● **WORK TASK**:
An exact copy of every entry is required, without the pictures.

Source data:
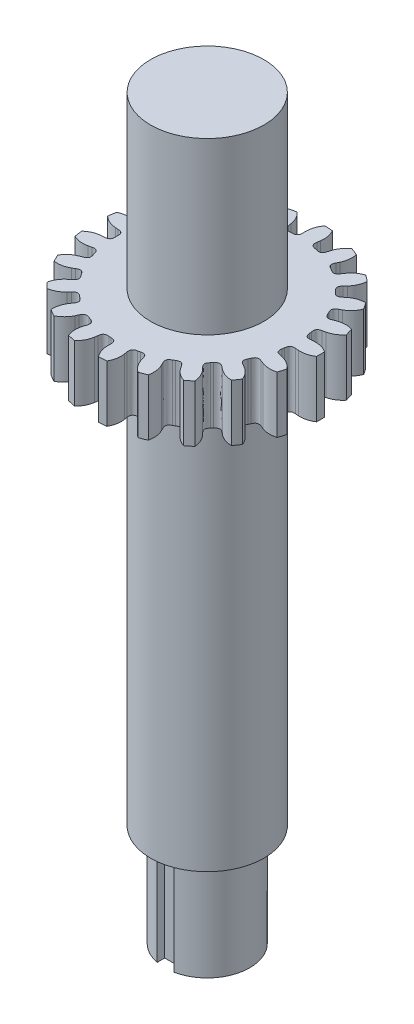
SolidWorks part; units mm, degrees
ref_plane "Front Plane" through (0, 0, 0) normal (0, 0, 1) x (1, 0, 0)
ref_plane "Top Plane" through (0, 0, 0) normal (0, 1, 0) x (1, 0, 0)
ref_plane "Right Plane" through (0, 0, 0) normal (1, 0, 0) x (0, 0, -1)
sketch "Sketch1" plane through (0, 0, 0) normal (0, 1, 0) x (1, 0, 0)
  line L0 (0, 0) -> (163.1522, 0) construction
  line L1 (0, 0) -> (160.0238, 12.5941) construction
  line L2 (0, 0) -> (159.4762, 28.12) construction
  line L3 (0, 0) -> (167.8358, 5.861) construction
  line L4 (0, 0) -> (15.7569, 2.7784)
  line L5 (15.9507, 1.2553) -> (17.4461, 1.373)
  line L6 (0, 0) -> (15.7569, -2.7784)
  line L7 (15.9507, -1.2553) -> (17.4461, -1.373)
  circle A1 centre (0, 0) radius 17.5 construction
  circle A2 centre (0, 0) radius 16 construction
  circle A3 centre (0, 0) radius 20 construction
  arc A4 (15.7569, 2.7784) -> (15.9507, 1.2553) centre (0, 0) cw
  arc A5 (19.9878, 0.698) -> (19.9878, -0.698) centre (0, 0) cw
  arc A6 (17.4461, 1.373) -> (19.9878, 0.698) centre (17.7571, -2.5787) cw
  arc A7 (15.7569, -2.7784) -> (15.9507, -1.2553) centre (0, 0) ccw
  arc A8 (17.4461, -1.373) -> (19.9878, -0.698) centre (17.7571, 2.5787) ccw
  dimension "D4" = 40
  dimension "D5" = 35
  dimension "D6" = 32
  dimension "D1" = 2
  dimension "D2" = 4.5
  dimension "D3" = 10
extrude "Boss-Extrude1" add sketch "Sketch1" along normal mid plane 10
fillet "Fillet1" radius 1 2 edges at (15.9507, 0, -1.2553) (15.9507, 0, 1.2553) curvature continuous yes
pattern_circular "CirPattern1" count 21 over 360 about axis through (0, 5, 0) along (0, -1, 0) of "Boss-Extrude1", "Fillet1"
sketch "Sketch3" plane through (0, 5, 0) normal (0, 1, 0) x (1, 0, 0)
  circle A0 centre (0, 0) radius 10
  dimension "D1" = 20
extrude "Boss-Extrude2" add sketch "Sketch3" along normal blind 30 and the other way blind 100
sketch "Sketch4" plane through (0, -95, 0) normal (0, -1, 0) x (1, 0, 0)
  circle A0 centre (0, 0) radius 7.5
  dimension "D1" = 15
extrude "Cut-Extrude1" cut sketch "Sketch4" against normal blind 18 flip side to cut
sketch "Sketch5" plane through (0, -95, 0) normal (0, -1, 0) x (1, 0, 0)
  line L1 (1.5, 9) -> (-1.5, 9)
  line L2 (1.5, 9) -> (1.5, 6)
  line L3 (1.5, 6) -> (-1.5, 6)
  line L4 (-1.5, 9) -> (-1.5, 6)
  line L5 (1.5, 9) -> (-1.5, 6) construction
  line L6 (1.5, 6) -> (-1.5, 9) construction
  circle A0 centre (0, 0) radius 7.5 construction
  circle A1 centre (0, 0) radius 7.5 construction
  point P0 (0, 7.5)
  point P9 (0, 0)
  point P11 (0, 0)
  dimension "D1" = 3
extrude "Cut-Extrude2" cut sketch "Sketch5" against normal up to surface (18 mm away) up to face at (0, -77, -10)
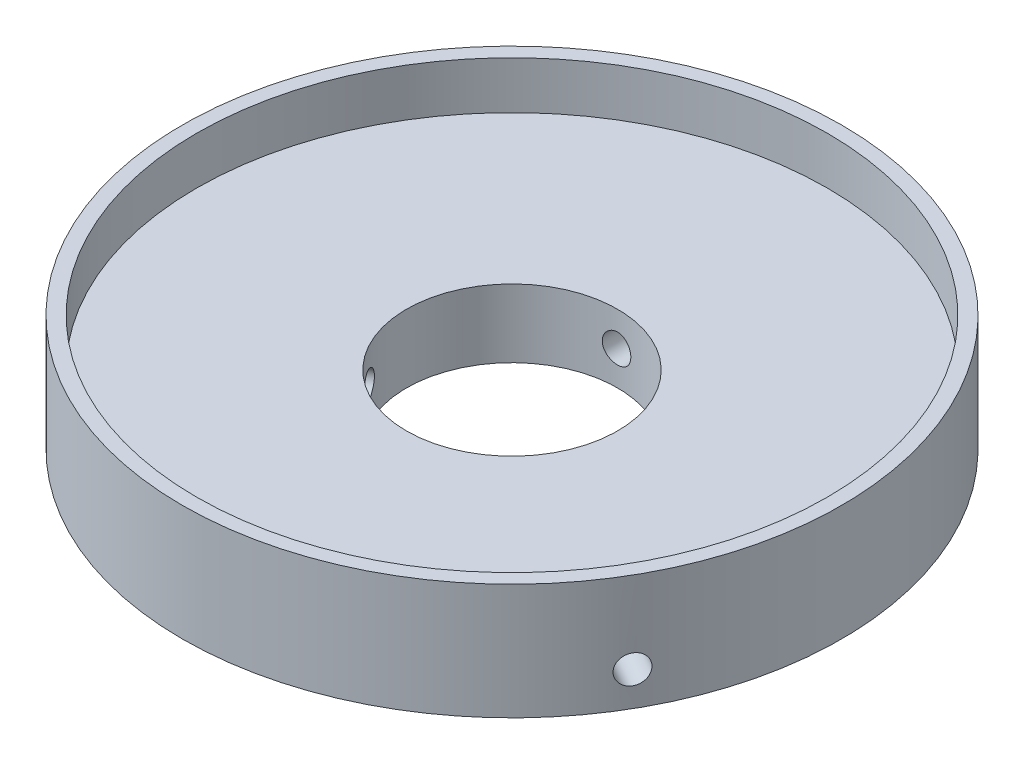
SolidWorks part; units mm, degrees
ref_plane "Front Plane" through (0, 0, 0) normal (0, 0, 1) x (1, 0, 0)
ref_plane "Top Plane" through (0, 0, 0) normal (0, 1, 0) x (1, 0, 0)
ref_plane "Right Plane" through (0, 0, 0) normal (1, 0, 0) x (0, 0, -1)
sketch "Sketch2" plane through (0, 0, 0) normal (0, 1, 0) x (1, 0, 0)
  circle A0 centre (0, 0) radius 33.1665
  circle A1 centre (0, 0) radius 11.1
  circle A2 centre (0, 0) radius 34.6665
  dimension "D1" = 66.333
  dimension "D2" = 22.2
  dimension "D3" = 1.5
extrude "Boss-Extrude1" add sketch "Sketch2" along normal blind 7.175 contours A0 A1 region at (-32.2284, 0, 0)
extrude "Boss-Extrude2" add sketch "Sketch2<5>" along normal blind 12.175 contours A2 A0 region at (-33.686, 0, 0)
sketch "Sketch2<5>" plane through (0, 0, 0) normal (0, 1, 0) x (1, 0, 0) same geometry as "Sketch2"
sketch "Sketch3" plane through (0, 0, 0) normal (0, -1, 0) x (1, 0, 0)
  line L0 (3.2928, 18) -> (-5.3006, 18) construction
  line L1 (2.5019, 18) -> (-2.5019, 18)
  arc A0 (-2.5019, 18) -> (2.5019, 18) centre (0, 18) ccw
  dimension "D1" = 18
revolve "Cut-Revolve1" cut sketch "Sketch3" angle 360 about L0
pattern_circular "CirPattern1" count 3 over 360 about axis through (0, 0, 0) along (0, 1, 0) of "Cut-Revolve1"
sketch "Sketch4" plane through (0, 0, 0) normal (0, -1, 0) x (1, 0, 0)
  line L0 (-15.5885, -9) -> (30.0221, 17.3332) construction
  circle A0 centre (0, 0) radius 34.6665 construction
ref_plane "Plane1" through (30.0221, 0, 17.3332) normal (0.866, 0, 0.5) x (0.5, 0, -0.866)
sketch "Sketch5" plane through (30.0221, 0, 17.3332) normal (0.866, 0, 0.5) x (0.5, 0, -0.866)
  circle A0 centre (0, 3.5875) radius 1.5
  dimension "D2" = 3
  dimension "D1" = 3.5875
extrude "Cut-Extrude3" cut sketch "Sketch5" against normal up to surface (23.6683 mm away) up to face at (0, 7.175, 11.1)
pattern_circular "CirPattern2" count 3 over 360 about axis through (0, 12.175, 0) along (0, -1, 0) of "Cut-Extrude3" reverse direction yes

● **SOLUTION FOR THIS EXERCISE**:
SolidWorks part; units mm, degrees
ref_plane "Front Plane" through (0, 0, 0) normal (0, 0, 1) x (1, 0, 0)
ref_plane "Top Plane" through (0, 0, 0) normal (0, 1, 0) x (1, 0, 0)
ref_plane "Right Plane" through (0, 0, 0) normal (1, 0, 0) x (0, 0, -1)
sketch "Sketch1" plane through (0, 0, 0) normal (0, 1, 0) x (1, 0, 0)
  line L0 (0, 0) -> (163.1522, 0) construction
  line L1 (0, 0) -> (160.0238, 12.5941) construction
  line L2 (0, 0) -> (159.4762, 28.12) construction
  line L3 (0, 0) -> (167.8358, 5.861) construction
  line L4 (0, 0) -> (15.7569, 2.7784)
  line L5 (15.9507, 1.2553) -> (17.4461, 1.373)
  line L6 (0, 0) -> (15.7569, -2.7784)
  line L7 (15.9507, -1.2553) -> (17.4461, -1.373)
  circle A1 centre (0, 0) radius 17.5 construction
  circle A2 centre (0, 0) radius 16 construction
  circle A3 centre (0, 0) radius 20 construction
  arc A4 (15.7569, 2.7784) -> (15.9507, 1.2553) centre (0, 0) cw
  arc A5 (19.9878, 0.698) -> (19.9878, -0.698) centre (0, 0) cw
  arc A6 (17.4461, 1.373) -> (19.9878, 0.698) centre (17.7571, -2.5787) cw
  arc A7 (15.7569, -2.7784) -> (15.9507, -1.2553) centre (0, 0) ccw
  arc A8 (17.4461, -1.373) -> (19.9878, -0.698) centre (17.7571, 2.5787) ccw
  dimension "D4" = 40
  dimension "D5" = 35
  dimension "D6" = 32
  dimension "D1" = 2
  dimension "D2" = 4.5
  dimension "D3" = 10
extrude "Boss-Extrude1" add sketch "Sketch1" along normal mid plane 10
fillet "Fillet1" radius 1 2 edges at (15.9507, 0, -1.2553) (15.9507, 0, 1.2553) curvature continuous yes
pattern_circular "CirPattern1" count 21 over 360 about axis through (0, 5, 0) along (0, -1, 0) of "Boss-Extrude1", "Fillet1"
sketch "Sketch3" plane through (0, 5, 0) normal (0, 1, 0) x (1, 0, 0)
  circle A0 centre (0, 0) radius 10
  dimension "D1" = 20
extrude "Boss-Extrude2" add sketch "Sketch3" along normal blind 30 and the other way blind 100
sketch "Sketch4" plane through (0, -95, 0) normal (0, -1, 0) x (1, 0, 0)
  circle A0 centre (0, 0) radius 7.5
  dimension "D1" = 15
extrude "Cut-Extrude1" cut sketch "Sketch4" against normal blind 18 flip side to cut
sketch "Sketch5" plane through (0, -95, 0) normal (0, -1, 0) x (1, 0, 0)
  line L1 (1.5, 9) -> (-1.5, 9)
  line L2 (1.5, 9) -> (1.5, 6)
  line L3 (1.5, 6) -> (-1.5, 6)
  line L4 (-1.5, 9) -> (-1.5, 6)
  line L5 (1.5, 9) -> (-1.5, 6) construction
  line L6 (1.5, 6) -> (-1.5, 9) construction
  circle A0 centre (0, 0) radius 7.5 construction
  circle A1 centre (0, 0) radius 7.5 construction
  point P0 (0, 7.5)
  point P9 (0, 0)
  point P11 (0, 0)
  dimension "D1" = 3
extrude "Cut-Extrude2" cut sketch "Sketch5" against normal up to surface (18 mm away) up to face at (0, -77, -10)
SolidWorks part; units mm, degrees
ref_plane "Front Plane" through (0, 0, 0) normal (0, 0, 1) x (1, 0, 0)
ref_plane "Top Plane" through (0, 0, 0) normal (0, 1, 0) x (1, 0, 0)
ref_plane "Right Plane" through (0, 0, 0) normal (1, 0, 0) x (0, 0, -1)
sketch "Sketch2" plane through (0, 0, 0) normal (0, 1, 0) x (1, 0, 0)
  circle A0 centre (0, 0) radius 33.1665
  circle A1 centre (0, 0) radius 11.1
  circle A2 centre (0, 0) radius 34.6665
  dimension "D1" = 66.333
  dimension "D2" = 22.2
  dimension "D3" = 1.5
extrude "Boss-Extrude1" add sketch "Sketch2" along normal blind 7.175 contours A0 A1 region at (-32.2284, 0, 0)
extrude "Boss-Extrude2" add sketch "Sketch2<5>" along normal blind 12.175 contours A2 A0 region at (-33.686, 0, 0)
sketch "Sketch2<5>" plane through (0, 0, 0) normal (0, 1, 0) x (1, 0, 0) same geometry as "Sketch2"
sketch "Sketch3" plane through (0, 0, 0) normal (0, -1, 0) x (1, 0, 0)
  line L0 (3.2928, 18) -> (-5.3006, 18) construction
  line L1 (2.5019, 18) -> (-2.5019, 18)
  arc A0 (-2.5019, 18) -> (2.5019, 18) centre (0, 18) ccw
  dimension "D1" = 18
revolve "Cut-Revolve1" cut sketch "Sketch3" angle 360 about L0
pattern_circular "CirPattern1" count 3 over 360 about axis through (0, 0, 0) along (0, 1, 0) of "Cut-Revolve1"
sketch "Sketch4" plane through (0, 0, 0) normal (0, -1, 0) x (1, 0, 0)
  line L0 (-15.5885, -9) -> (30.0221, 17.3332) construction
  circle A0 centre (0, 0) radius 34.6665 construction
ref_plane "Plane1" through (30.0221, 0, 17.3332) normal (0.866, 0, 0.5) x (0.5, 0, -0.866)
sketch "Sketch5" plane through (30.0221, 0, 17.3332) normal (0.866, 0, 0.5) x (0.5, 0, -0.866)
  circle A0 centre (0, 3.5875) radius 1.5
  dimension "D2" = 3
  dimension "D1" = 3.5875
extrude "Cut-Extrude3" cut sketch "Sketch5" against normal up to surface (23.6683 mm away) up to face at (0, 7.175, 11.1)
pattern_circular "CirPattern2" count 3 over 360 about axis through (0, 12.175, 0) along (0, -1, 0) of "Cut-Extrude3" reverse direction yes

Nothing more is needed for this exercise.